====== INFORMATION ======

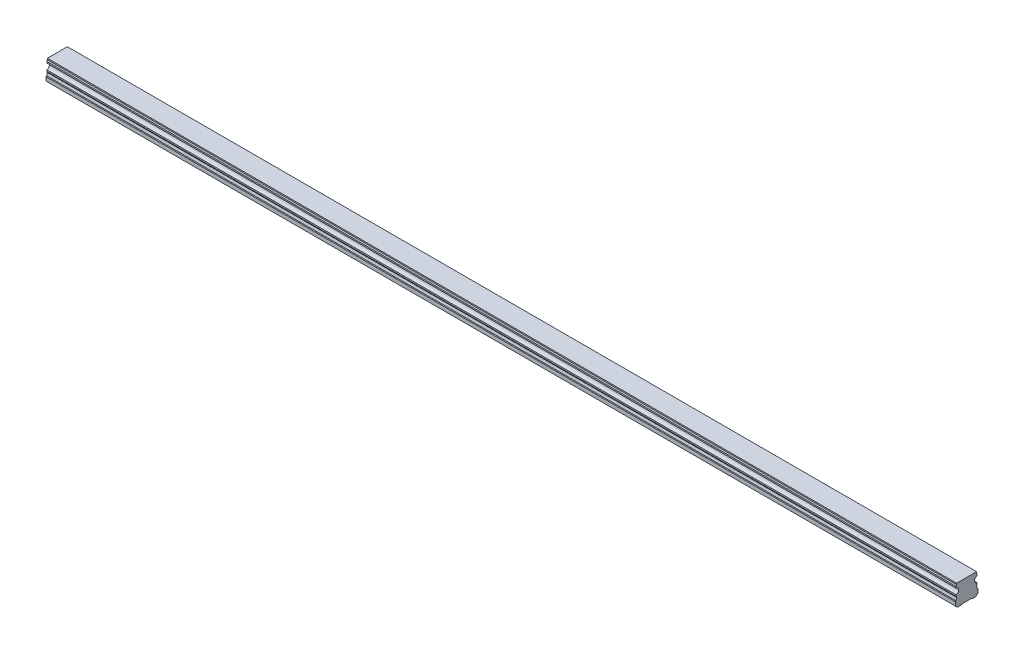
from build123d import *

# Parameters (mm, degrees)
BOSS_EXTRUDE1_DEPTH        = 600
SKETCH3_R                  = 2.5
SKETCH3_R_2                = 2.1
CUT_EXTRUDE3_DEPTH         = 7
SKETCH3_2_R                = 2.1
CUT_EXTRUDE4_DEPTH         = 9.5
CHAMFER1_SIZE              = 0.4
LPATTERN2_COUNT            = 10
LPATTERN2_PITCH            = 60
CHAMFER1_OF_LPATTERN2_SIZE = 0.4


with BuildPart() as part:
    # Sketch1 → Boss-Extrude1 (new body)
    with BuildSketch(Plane(origin=(0, 0, 0), x_dir=(0, 0, -1), z_dir=(1, 0, 0))):
        with BuildLine():
            Line((6.59, 14), (-6.59, 14))
            Line((-6.59, 14), (-6.59, 13.15))
            Line((-6.59, 13.15), (-6.96, 12.356532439))
            Line((-6.96, 12.356532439), (-6.96, 11.435174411))
            ThreePointArc((-6.96, 11.435174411), (-5.25, 9.5), (-6.96, 7.564825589))
            Line((-6.96, 7.564825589), (-6.96, 6.643467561))
            Line((-6.96, 6.643467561), (-6.59, 5.85))
            Line((-6.59, 5.85), (-7.032116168, 4.2))
            Line((-7.032116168, 4.2), (-7.5, 3.929867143))
            Line((-7.5, 3.929867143), (-7.5, 1.4))
            Line((-7.5, 1.4), (-6.1, 0))
            Line((-6.1, 0), (-3.65, 0))
            Line((-3.65, 0), (-3.25, 0.4))
            Line((-3.25, 0.4), (3.25, 0.4))
            Line((3.25, 0.4), (3.65, 0))
            Line((3.65, 0), (6.1, 0))
            Line((6.1, 0), (7.5, 1.4))
            Line((7.5, 1.4), (7.5, 3.929867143))
            Line((7.5, 3.929867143), (7.032116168, 4.2))
            Line((7.032116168, 4.2), (6.59, 5.85))
            Line((6.59, 5.85), (6.96, 6.643467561))
            Line((6.96, 6.643467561), (6.96, 7.564825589))
            ThreePointArc((6.96, 7.564825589), (5.25, 9.5), (6.96, 11.435174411))
            Line((6.96, 11.435174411), (6.96, 12.356532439))
            Line((6.96, 12.356532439), (6.59, 13.15))
            Line((6.59, 13.15), (6.59, 14))
        make_face()
    extrude(amount=BOSS_EXTRUDE1_DEPTH)

    # Sketch3 → Cut-Extrude3 (cut)
    with BuildSketch(Plane.XZ):
        with Locations(Location((30, 0, 0), (0, 0, 270))):
            Circle(SKETCH3_R)
        with Locations(Location((30, 0, 0), (0, 0, 270))):
            Circle(SKETCH3_R_2, mode=Mode.SUBTRACT)
    cut_extrude3 = extrude(amount=-CUT_EXTRUDE3_DEPTH, mode=Mode.SUBTRACT)

    # Sketch3_2 → Cut-Extrude4 (cut)
    with BuildSketch(Plane.XZ):
        with Locations(Location((30, 0, 0), (0, 0, 270))):
            Circle(SKETCH3_2_R)
    cut_extrude4 = extrude(amount=-CUT_EXTRUDE4_DEPTH, mode=Mode.SUBTRACT)

    # Cut-Extrude5 cone 1 section (on through the dimple's axis) → Cut-Extrude5 (revolve, cut)
    with BuildSketch(Plane(origin=(30, 9.5, 0), x_dir=(0, 0, -1), z_dir=(1, 0, 0))):
        Polygon((0, 0), (2.1, 0), (0, 1.212435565), align=None)
    revolve(axis=Axis((30, 9.5, 0), (0, 1, 0)), mode=Mode.SUBTRACT)

    # Chamfer1
    chamfer1_edges = [part.edges().sort_by_distance(p)[0] for p in [
        (30, 0.4, 2.5),
    ]]
    chamfer(chamfer1_edges, length=CHAMFER1_SIZE)

    # LPattern2: Cut-Extrude3, Cut-Extrude4 ×10
    with Locations(*[(i * LPATTERN2_PITCH, 0, 0) for i in range(1, LPATTERN2_COUNT)]):
        add(cut_extrude3, mode=Mode.SUBTRACT)
        add(cut_extrude4, mode=Mode.SUBTRACT)

    # Chamfer1 of LPattern2
    chamfer1_of_lpattern2_edges = [part.edges().sort_by_distance(p)[0] for p in [
        (90, 0.4, 2.5),
        (150, 0.4, 2.5),
        (210, 0.4, 2.5),
        (270, 0.4, 2.5),
        (330, 0.4, 2.5),
        (390, 0.4, 2.5),
        (450, 0.4, 2.5),
        (510, 0.4, 2.5),
        (570, 0.4, 2.5),
    ]]
    chamfer(chamfer1_of_lpattern2_edges, length=CHAMFER1_OF_LPATTERN2_SIZE)


solid = part.part

======

■ WHAT NEEDS TO BE DONE ■
The word "revolve" may occur in lines of the records. Report how many such lines there are, giving only the number.

■ OUTPUT FOR THIS TASK ■
2